Павло неожиданно закончил разговор:

— Ладно! Тут в этих делах голову сломать можно… А вот ты, Андреич, мои слова учти, будь поосторожнее. То ли ты возле огня ходишь, то ли огонь возле тебя. Ты человек своего, незаемного ума, да только это иногда и припрятать нужно. С родной бабой и то иной раз хитрить приходится. Как же! А тут не баба, тут революция, она любит, чтоб подчинялись.

Чай допивали молча. Кольцов думал о том, что, может быть, зря он не настоял на немедленном переводе в Москву, в Иностранный отдел ВЧК, как того хотел Феликс Эдмундович. Может быть, это действительно была бы для него настоящая работа. Но что сделано, то сделано. Чего теперь после драки кулаками махать. А то, что сказал Павло, совсем не лишнее. Надо думать… думать…

Сейчас махновцы вроде бы собираются на восток, на Дон. С одной стороны, будет немного полегче войскам, ведущим борьбу с наступающим Врангелем, а с другой — что, если Махно снова подожжет Дон? И это тогда, когда захлебывается наступление красных войск на Варшаву. В последнее время Кольцов недоумевал, как это главком Каменев, командующий Западным фронтом Тухачевский и, конечно, председатель Реввоенсовета Троцкий, пригнавший свой бронепоезд к Белостоку, чтобы руководить наступлением «на месте», допустили наступление на польскую столицу.

Революционный азарт, нетерпение?

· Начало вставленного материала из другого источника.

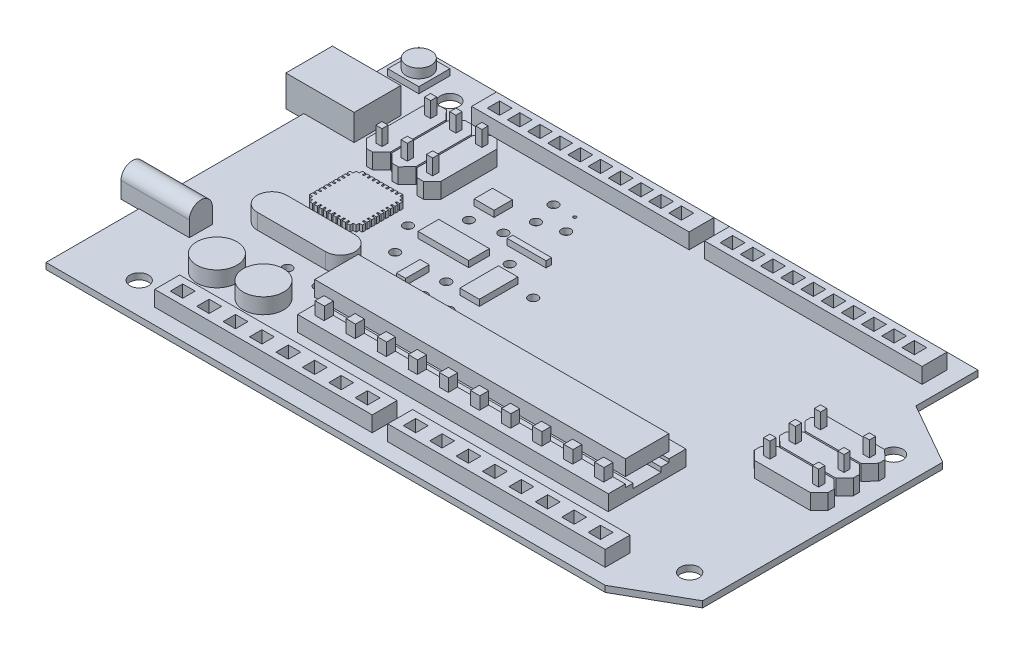
SolidWorks part; units mm, degrees
ref_plane "Front Plane" through (0, 0, 0) normal (0, 0, 1) x (1, 0, 0)
ref_plane "Top Plane" through (0, 0, 0) normal (0, 1, 0) x (1, 0, 0)
ref_plane "Right Plane" through (0, 0, 0) normal (1, 0, 0) x (0, 0, -1)
sketch "Sketch2" plane through (0, 0, 0) normal (0, 1, 0) x (1, 0, 0)
  line L0 (-134.1935, 60.9677) -> (-134.1935, -59.0323)
  line L1 (-134.1935, -59.0323) -> (45.8065, -59.0323)
  line L2 (45.8065, -59.0323) -> (65.8065, -47.6744)
  line L3 (65.8065, -47.6744) -> (65.8065, 29.6099)
  line L4 (65.8065, 29.6099) -> (45.8065, 40.9677)
  line L5 (45.8065, 40.9677) -> (45.8065, 60.9677)
  line L6 (45.8065, 60.9677) -> (-134.1935, 60.9677)
  dimension "D1" = 120
  dimension "D2" = 180
  dimension "D3" = 200
  dimension "D4" = 180
  dimension "D5" = 20
  dimension "D6" = 23
  dimension "D7" = 23
extrude "Boss-Extrude2" add sketch "Sketch2" along normal blind 2
sketch "Sketch3" plane through (0, 2, 0) normal (0, 1, 0) x (1, 0, 0)
  line L0 (-134.1935, 60.9677) -> (-134.1935, -59.0323) construction
  line L1 (-104.1935, 55.9677) -> (-34.1935, 55.9677)
  line L2 (-104.1935, 55.9677) -> (-104.1935, 47.9677)
  line L3 (-104.1935, 47.9677) -> (-34.1935, 47.9677)
  line L4 (-34.1935, 55.9677) -> (-34.1935, 47.9677)
  line L5 (-29.1935, 55.9677) -> (40.8065, 55.9677)
  line L6 (-29.1935, 55.9677) -> (-29.1935, 47.9677)
  line L7 (-29.1935, 47.9677) -> (40.8065, 47.9677)
  line L8 (40.8065, 55.9677) -> (40.8065, 47.9677)
  line L9 (45.8065, 40.9677) -> (45.8065, 60.9677) construction
  line L10 (45.8065, 60.9677) -> (-134.1935, 60.9677) construction
  dimension "D1" = 30
  dimension "D2" = 5
  dimension "D3" = 70
  dimension "D4" = 70
  dimension "D5" = 5
  dimension "D6" = 5
  dimension "D7" = 5
  dimension "D8" = 8
  dimension "D9" = 8
extrude "Boss-Extrude3" add sketch "Sketch3" along normal blind 5
sketch "Sketch4" plane through (0, 7, 0) normal (0, 1, 0) x (1, 0, 0)
  line L0 (-34.1935, 55.9677) -> (-104.1935, 55.9677) construction
  line L1 (-101.1935, 53.9677) -> (-97.1935, 53.9677)
  line L2 (-101.1935, 53.9677) -> (-101.1935, 49.9677)
  line L3 (-101.1935, 49.9677) -> (-97.1935, 49.9677)
  line L4 (-97.1935, 53.9677) -> (-97.1935, 49.9677)
  line L5 (-104.1935, 47.9677) -> (-34.1935, 47.9677) construction
  line L6 (-104.1935, 55.9677) -> (-104.1935, 47.9677) construction
  dimension "D1" = 4
  dimension "D2" = 4
  dimension "D3" = 2
  dimension "D4" = 2
  dimension "D5" = 3
sketch "Sketch5" plane through (0, 7, 0) normal (0, 1, 0) x (1, 0, 0)
  line L0 (40.8065, 55.9677) -> (-29.1935, 55.9677) construction
  line L1 (-26.1935, 53.9677) -> (-22.1935, 53.9677)
  line L2 (-26.1935, 53.9677) -> (-26.1935, 49.9677)
  line L3 (-26.1935, 49.9677) -> (-22.1935, 49.9677)
  line L4 (-22.1935, 53.9677) -> (-22.1935, 49.9677)
  line L5 (-29.1935, 55.9677) -> (-29.1935, 47.9677) construction
  dimension "D1" = 4
  dimension "D2" = 4
  dimension "D3" = 2
  dimension "D4" = 3
extrude "Cut-Extrude1" cut sketch "Sketch4" against normal blind 4
pattern_linear "LPattern3" count 10 spacing 6.5 along (1, 0, 0) of "Cut-Extrude1"
extrude "Cut-Extrude2" cut sketch "Sketch5" against normal blind 4
pattern_linear "LPattern4" count 10 spacing 6.5 along (1, 0, 0) of "Cut-Extrude2"
sketch "Sketch6" plane through (0, 2, 0) normal (0, 1, 0) x (1, 0, 0)
  line L0 (-134.1935, 60.9677) -> (-134.1935, -59.0323) construction
  line L1 (-104.1935, -46.0323) -> (-34.1935, -46.0323)
  line L2 (-104.1935, -46.0323) -> (-104.1935, -54.0323)
  line L3 (-104.1935, -54.0323) -> (-34.1935, -54.0323)
  line L4 (-34.1935, -46.0323) -> (-34.1935, -54.0323)
  line L5 (-29.1935, -46.0323) -> (40.8065, -46.0323)
  line L6 (-29.1935, -46.0323) -> (-29.1935, -54.0323)
  line L7 (-29.1935, -54.0323) -> (40.8065, -54.0323)
  line L8 (40.8065, -46.0323) -> (40.8065, -54.0323)
  line L9 (-134.1935, -59.0323) -> (45.8065, -59.0323) construction
  point P11 (-29.1935, -50.0323)
  dimension "D1" = 5
  dimension "D2" = 70
  dimension "D3" = 70
  dimension "D4" = 30
  dimension "D5" = 5
  dimension "D6" = 5
  dimension "D7" = 5
  dimension "D8" = 8
  dimension "D9" = 8
extrude "Boss-Extrude7" add sketch "Sketch6" along normal blind 5
sketch "Sketch7" plane through (0, 7, 0) normal (0, 1, 0) x (1, 0, 0)
  line L0 (-104.1935, -54.0323) -> (-34.1935, -54.0323) construction
  line L1 (-101.1935, -48.0323) -> (-97.1935, -48.0323)
  line L2 (-101.1935, -48.0323) -> (-101.1935, -52.0323)
  line L3 (-101.1935, -52.0323) -> (-97.1935, -52.0323)
  line L4 (-97.1935, -48.0323) -> (-97.1935, -52.0323)
  line L5 (-34.1935, -46.0323) -> (-104.1935, -46.0323) construction
  line L6 (-104.1935, -46.0323) -> (-104.1935, -54.0323) construction
  dimension "D1" = 4
  dimension "D2" = 4
  dimension "D3" = 2
  dimension "D4" = 2
  dimension "D5" = 3
extrude "Cut-Extrude3" cut sketch "Sketch7" against normal blind 4
pattern_linear "LPattern5" count 8 spacing 8.5 along (1, 0, 0) of "Cut-Extrude3"
sketch "Sketch8" plane through (0, 7, 0) normal (0, 1, 0) x (1, 0, 0)
  line L0 (-29.1935, -54.0323) -> (40.8065, -54.0323) construction
  line L1 (-26.1935, -48.0323) -> (-22.1935, -48.0323)
  line L2 (-26.1935, -48.0323) -> (-26.1935, -52.0323)
  line L3 (-26.1935, -52.0323) -> (-22.1935, -52.0323)
  line L4 (-22.1935, -48.0323) -> (-22.1935, -52.0323)
  line L5 (-29.1935, -46.0323) -> (-29.1935, -54.0323) construction
  dimension "D1" = 4
  dimension "D2" = 4
  dimension "D3" = 2
  dimension "D4" = 3
extrude "Cut-Extrude4" cut sketch "Sketch8" against normal blind 4
pattern_linear "LPattern6" count 8 spacing 8.5 along (1, 0, 0) of "Cut-Extrude4"
sketch "Sketch9" plane through (0, 2, 0) normal (0, 1, 0) x (1, 0, 0)
  line L0 (65.8065, -47.6744) -> (65.8065, 29.6099) construction
  line L1 (-104.1935, -46.0323) -> (-104.1935, -54.0323) construction
  line L2 (-104.1935, 55.9677) -> (-104.1935, 47.9677) construction
  line L3 (45.8065, 60.9677) -> (-134.1935, 60.9677) construction
  line L4 (-134.1935, -59.0323) -> (45.8065, -59.0323) construction
  line L5 (65.8065, 29.6099) -> (45.8065, 40.9677) construction
  line L6 (45.8065, -59.0323) -> (65.8065, -47.6744) construction
  circle A0 centre (55.8065, 23.7888) radius 3
  circle A1 centre (55.8065, -41.8533) radius 3
  circle A2 centre (-114.1935, 50.9677) radius 3
  circle A3 centre (-114.1935, -49.0323) radius 3
  dimension "D1" = 6
  dimension "D2" = 6
  dimension "D3" = 6
  dimension "D4" = 6
  dimension "D5" = 10
  dimension "D9" = 10
  dimension "D10" = 10
  dimension "D11" = 10
  dimension "D6" = 10
  dimension "D7" = 10
  dimension "D8" = 10
  dimension "D12" = 10
extrude "Cut-Extrude5" cut sketch "Sketch9" against normal blind 4
sketch "Sketch10" plane through (0, 2, 0) normal (0, 1, 0) x (1, 0, 0)
  line L0 (65.8065, -47.6744) -> (65.8065, 29.6099) construction
  line L1 (-74.1935, -13.0323) -> (25.8065, -13.0323)
  line L2 (-74.1935, -13.0323) -> (-74.1935, -38.0323)
  line L3 (-74.1935, -38.0323) -> (25.8065, -38.0323)
  line L4 (25.8065, -13.0323) -> (25.8065, -38.0323)
  line L5 (40.8065, -46.0323) -> (-29.1935, -46.0323) construction
  dimension "D1" = 40
  dimension "D2" = 8
  dimension "D3" = 25
  dimension "D4" = 100
extrude "Boss-Extrude8" add sketch "Sketch10" along normal blind 5
sketch "Sketch11" plane through (25.8065, 0, 0) normal (1, 0, 0) x (0, 0, -1)
  line L0 (-38.0323, 7) -> (-13.0323, 7) construction
  line L1 (-21.0323, 7) -> (-30.0323, 7)
  line L2 (-21.0323, 7) -> (-21.0323, 4.5)
  line L3 (-21.0323, 4.5) -> (-30.0323, 4.5)
  line L4 (-30.0323, 7) -> (-30.0323, 4.5)
  line L5 (-13.0323, 7) -> (-13.0323, 2) construction
  line L6 (-38.0323, 7) -> (-38.0323, 2) construction
  line L7 (-38.0323, 2) -> (-13.0323, 2) construction
  dimension "D1" = 8
  dimension "D2" = 9
  dimension "D3" = 8
  dimension "D4" = 2.5
  dimension "D5" = 2.5
extrude "Cut-Extrude6" cut sketch "Sketch11" against normal blind 100
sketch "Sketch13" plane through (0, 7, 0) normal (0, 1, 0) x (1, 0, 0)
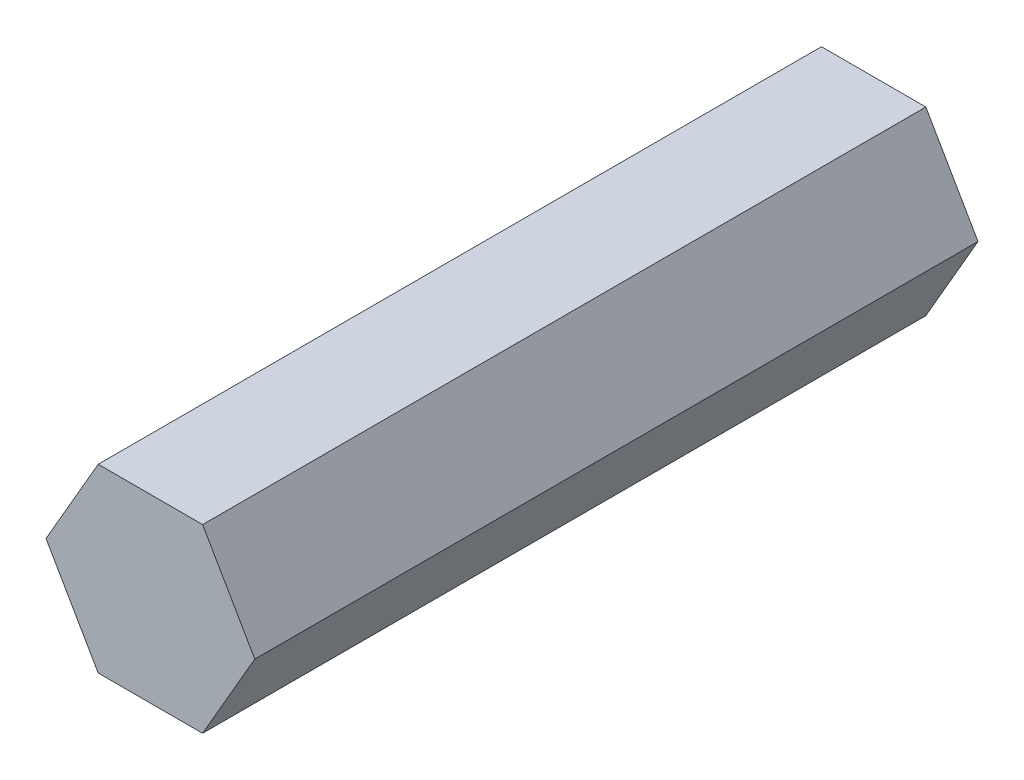
SolidWorks part; units mm, degrees
ref_plane "Front Plane" through (0, 0, 0) normal (0, 0, 1) x (1, 0, 0)
ref_plane "Top Plane" through (0, 0, 0) normal (0, 1, 0) x (1, 0, 0)
ref_plane "Right Plane" through (0, 0, 0) normal (1, 0, 0) x (0, 0, -1)
sketch "Sketch1" plane through (0, 0, 0) normal (0, 0, 1) x (1, 0, 0)
  line L1 (3.6635, -6.3515) -> (7.3323, -0.003)
  line L2 (7.3323, -0.003) -> (3.6688, 6.3485)
  line L3 (3.6688, 6.3485) -> (-3.6635, 6.3515)
  line L4 (-3.6635, 6.3515) -> (-7.3323, 0.003)
  line L5 (-7.3323, 0.003) -> (-3.6688, -6.3485)
  line L6 (-3.6688, -6.3485) -> (3.6635, -6.3515)
  circle A0 centre (0, 0) radius 6.35 construction
  dimension "D1" = 12.7
extrude "Boss-Extrude1" add sketch "Sketch1" along normal blind 50.8
sketch "Sketch2" plane through (0, 0, 0) normal (0, 0, -1) x (-1, 0, 0)
  circle A0 centre (0, 0) radius 6.35
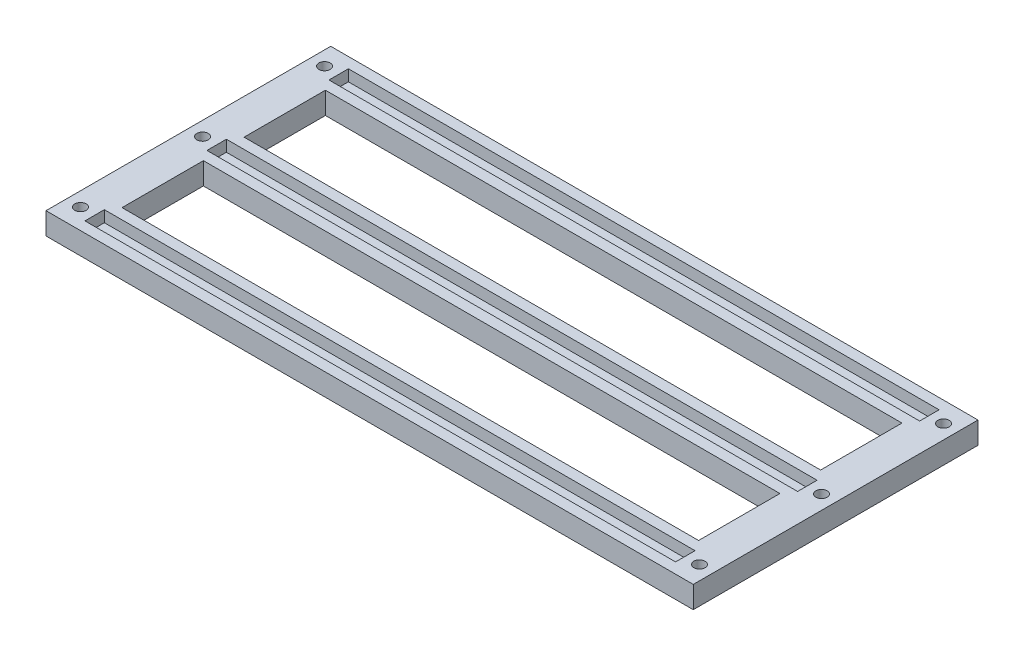
SolidWorks part; units mm, degrees
note: The reader was unsure of these and kept them because the rebuilt part matched: shared geometry of "Sketch1<3>".
ref_plane "Front Plane" through (0, 0, 0) normal (0, 0, 1) x (1, 0, 0)
ref_plane "Top Plane" through (0, 0, 0) normal (0, 1, 0) x (1, 0, 0)
ref_plane "Right Plane" through (0, 0, 0) normal (1, 0, 0) x (0, 0, -1)
sketch "Sketch1" plane through (0, 0, 0) normal (0, 1, 0) x (1, 0, 0)
  line L0 (-81.5, 28.75) -> (-81.5, 31.75)
  line L1 (-91.5, -40.25) -> (91.5, -40.25)
  line L2 (-91.5, -40.25) -> (-91.5, 40.25)
  line L3 (-91.5, 40.25) -> (91.5, 40.25)
  line L4 (91.5, -40.25) -> (91.5, 40.25)
  line L5 (0, 40.25) -> (0, -40.25) construction
  line L6 (-91.5, 0) -> (91.5, 0) construction
  line L7 (-81.5, 28.75) -> (81.5, 28.75)
  line L8 (-81.5, 28.75) -> (-81.5, 5.75)
  line L9 (-81.5, 5.75) -> (81.5, 5.75)
  line L10 (81.5, 28.75) -> (81.5, 5.75)
  line L11 (-81.5, -5.75) -> (81.5, -5.75)
  line L12 (-81.5, -5.75) -> (-81.5, -28.75)
  line L13 (-81.5, -28.75) -> (81.5, -28.75)
  line L14 (81.5, -5.75) -> (81.5, -28.75)
  line L15 (-81.5, 31.75) -> (-83.5, 31.75)
  line L16 (-83.5, 31.75) -> (-83.5, 37.25)
  line L17 (-83.5, 37.25) -> (-81.5, 37.25)
  line L18 (-81.5, 37.25) -> (-81.5, 40.25)
  line L19 (81.5, 28.75) -> (81.5, 31.75)
  line L20 (81.5, 31.75) -> (83.5, 31.75)
  line L21 (83.5, 31.75) -> (83.5, 37.25)
  line L22 (83.5, 37.25) -> (81.5, 37.25)
  line L23 (81.5, 37.25) -> (81.5, 40.25)
  line L24 (81.5, 2.75) -> (81.5, 5.75)
  line L25 (83.5, 2.75) -> (81.5, 2.75)
  line L26 (83.5, -2.75) -> (83.5, 2.75)
  line L27 (81.5, -2.75) -> (83.5, -2.75)
  line L28 (81.5, -5.75) -> (81.5, -2.75)
  line L29 (-81.5, 2.75) -> (-81.5, 5.75)
  line L30 (-83.5, 2.75) -> (-81.5, 2.75)
  line L31 (-83.5, -2.75) -> (-83.5, 2.75)
  line L32 (-81.5, -2.75) -> (-83.5, -2.75)
  line L33 (-81.5, -5.75) -> (-81.5, -2.75)
  line L34 (81.5, -31.75) -> (81.5, -28.75)
  line L35 (83.5, -31.75) -> (81.5, -31.75)
  line L36 (83.5, -37.25) -> (83.5, -31.75)
  line L37 (81.5, -37.25) -> (83.5, -37.25)
  line L38 (81.5, -40.25) -> (81.5, -37.25)
  line L39 (-81.5, -31.75) -> (-81.5, -28.75)
  line L40 (-83.5, -31.75) -> (-81.5, -31.75)
  line L41 (-83.5, -37.25) -> (-83.5, -31.75)
  line L42 (-81.5, -37.25) -> (-83.5, -37.25)
  line L43 (-81.5, -40.25) -> (-81.5, -37.25)
  line L44 (-81.5, 37.25) -> (81.5, 37.25)
  line L45 (-81.5, 31.75) -> (81.5, 31.75)
  line L46 (-81.5, 5.75) -> (81.5, 5.75)
  line L47 (81.5, -31.75) -> (-81.5, -31.75)
  line L48 (-81.5, -37.25) -> (81.5, -37.25)
  line L49 (-81.5, 2.75) -> (81.5, 2.75)
  line L50 (83.5, 37.25) -> (91.5, 37.25) construction
  line L51 (83.5, 31.75) -> (91.5, 31.75) construction
  line L52 (87.5, 37.25) -> (87.5, 31.75) construction
  line L53 (0, -55) -> (0, 55) construction
  line L54 (-81.5, -25.75) -> (81.5, -25.75) [skipped]
  line L55 (-81.5, -31.25) -> (81.5, -31.25) [skipped]
  line L56 (-81.5, 0.25) -> (81.5, 0.25) [skipped]
  line L57 (-81.5, -2.75) -> (81.5, -2.75)
  circle A0 centre (87.5, 34.5) radius 1.6
  circle A1 centre (-87.5, 34.5) radius 1.6
  circle A2 centre (-87.5, 0) radius 1.6
  circle A3 centre (87.5, 0) radius 1.6
  circle A4 centre (-87.5, -34.5) radius 1.6
  circle A5 centre (87.5, -34.5) radius 1.6
  point P0 (0, 0)
  dimension "D13" = 3.2
  dimension "D1" = 80.5
  dimension "D2" = 183
  dimension "D3" = 5.5
  dimension "D4" = 11.5
  dimension "D5" = 2
  dimension "D6" = 11.5
  dimension "D7" = 3
  dimension "D8" = 10
  dimension "D9" = 10
  dimension "D10" = 3
  dimension "D11" = 31.5
  dimension "D12" = 3
  dimension "D15" = 34.5
  dimension "D14" = 3
extrude "Boss-Extrude1" add sketch "Sketch1" along normal blind 3.2
extrude "Boss-Extrude2" add sketch "Sketch1<3>" against normal blind 3
sketch "Sketch1<3>" plane through (0, 0, 0) normal (0, 1, 0) x (1, 0, 0) same geometry as "Sketch1"
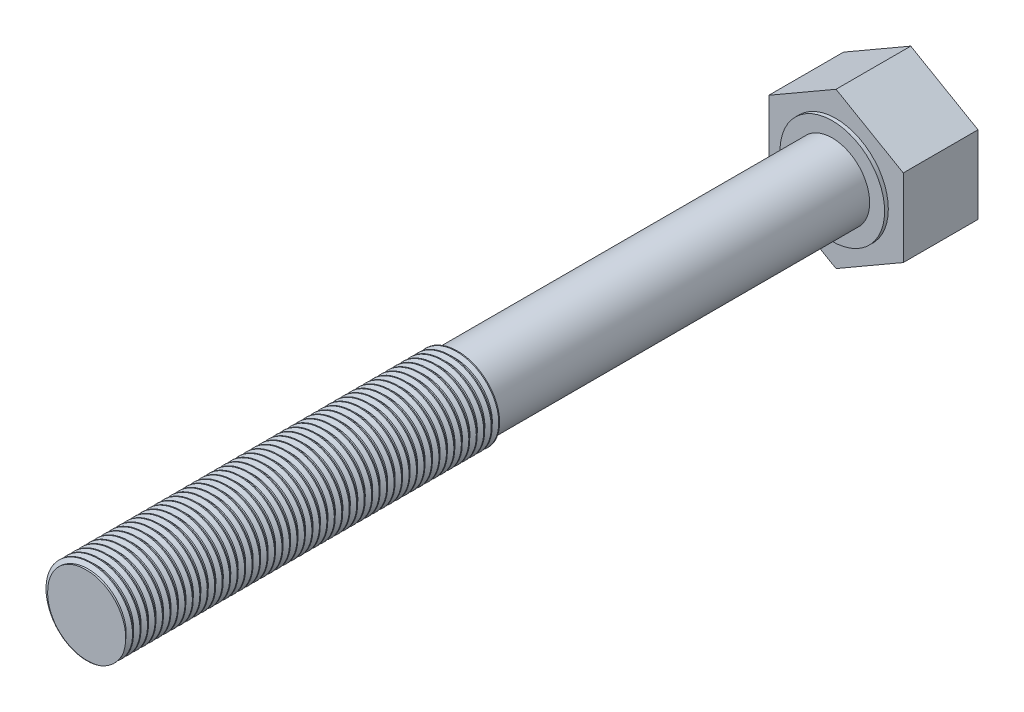
SolidWorks part; units mm, degrees
material "Cast Stainless Steel"
ref_plane "Front Plane" through (0, 0, 0) normal (0, 0, 1) x (1, 0, 0)
ref_plane "Top Plane" through (0, 0, 0) normal (0, 1, 0) x (1, 0, 0)
ref_plane "Right Plane" through (0, 0, 0) normal (1, 0, 0) x (0, 0, -1)
sketch "Sketch2" plane through (0, 0, 0) normal (0, 0, 1) x (1, 0, 0)
  line L1 (0, 5.1962) -> (-4.5, 2.5981)
  line L2 (-4.5, 2.5981) -> (-4.5, -2.5981)
  line L3 (-4.5, -2.5981) -> (0, -5.1962)
  line L4 (0, -5.1962) -> (4.5, -2.5981)
  line L5 (4.5, -2.5981) -> (4.5, 2.5981)
  line L6 (4.5, 2.5981) -> (0, 5.1962)
  circle A0 centre (0, 0) radius 4.5 construction
  dimension "D1" = 9
extrude "Boss-Extrude2" add sketch "Sketch2" against normal blind 5 contours L1 L2 L3 L4 L5 L6
sketch "Sketch3" plane through (0, 0, 0) normal (0, 0, 1) x (1, 0, 0)
  circle A0 centre (0, 0) radius 3.5
  dimension "D1" = 7
extrude "Boss-Extrude3" add sketch "Sketch3" along normal blind 0.25
sketch "Sketch4" plane through (0, 0, 0.25) normal (0, 0, 1) x (1, 0, 0)
  circle A0 centre (0, 0) radius 2.5
  dimension "D1" = 5
extrude "Boss-Extrude4" add sketch "Sketch4" along normal blind 50
thread "Thread1" pitch 0.5 method extrude profile "Thread Profile2" start angle 0, offset 5, length 30, pitch 0.5, diameter 5
ref_plane "Plane2" through (-2.5, 0, 55.25) normal (0, -1, 0) x (-1, 0, 0)
sketch "Thread Profile2" plane through (-2.5, 0, 55.25) normal (0, -1, 0) x (-1, 0, 0)
  line L0 (0, 0) -> (0, 0.5) construction
  line L1 (0, 0) -> (0.2706, 0.1562)
  line L2 (0.2706, 0.1562) -> (0.2706, 0.2187)
  line L3 (0.2706, 0.2187) -> (0, 0.375)
  line L4 (0.2706, 0.1875) -> (0, 0.1875) construction
  line L11 (0, 0) -> (0, 0.375)
  point P2 (0, 0)
  dimension "Pitch" = 0.5
  dimension "Profile_Angle" = 60
  dimension "Profile_Land" = 0.0625
  dimension "Profile_Height" = 0.2706
sketch "Sketch12" plane through (0, 0, 50.25) normal (0, 0, 1) x (1, 0, 0)
  circle A0 centre (0, 0) radius 5
  dimension "D1" = 10
extrude "Cut-Extrude1" cut sketch "Sketch12" along normal blind 20

Он, Кольцов, конечно, не стратег, но хорошо понимает всю опасность такого наступления. Срочно необходимо подкрепление. Если бы Махно послушался тогда совета этого никому не известного Сталина и пошел на Галицию (Левка донес ему обо всех спорах по этому поводу в махновской верхушке), генералу Вейгану, которого прислали из Франции на помощь Пилсудскому, пришлось бы снять с Вислы свои лучшие броневые силы…

— Знаешь что, браток Кольцов, — сказал Заболотный с сочувствием. — Вижу, затронуло тебя мое предупреждение. Извини. От души. Но ложись-ка ты лучше спать. Утро, как известно, вечера мудренее, а утро уже через четыре часа. Какой будет толк от твоей головы, если в ней сонные мухи будут жужжать…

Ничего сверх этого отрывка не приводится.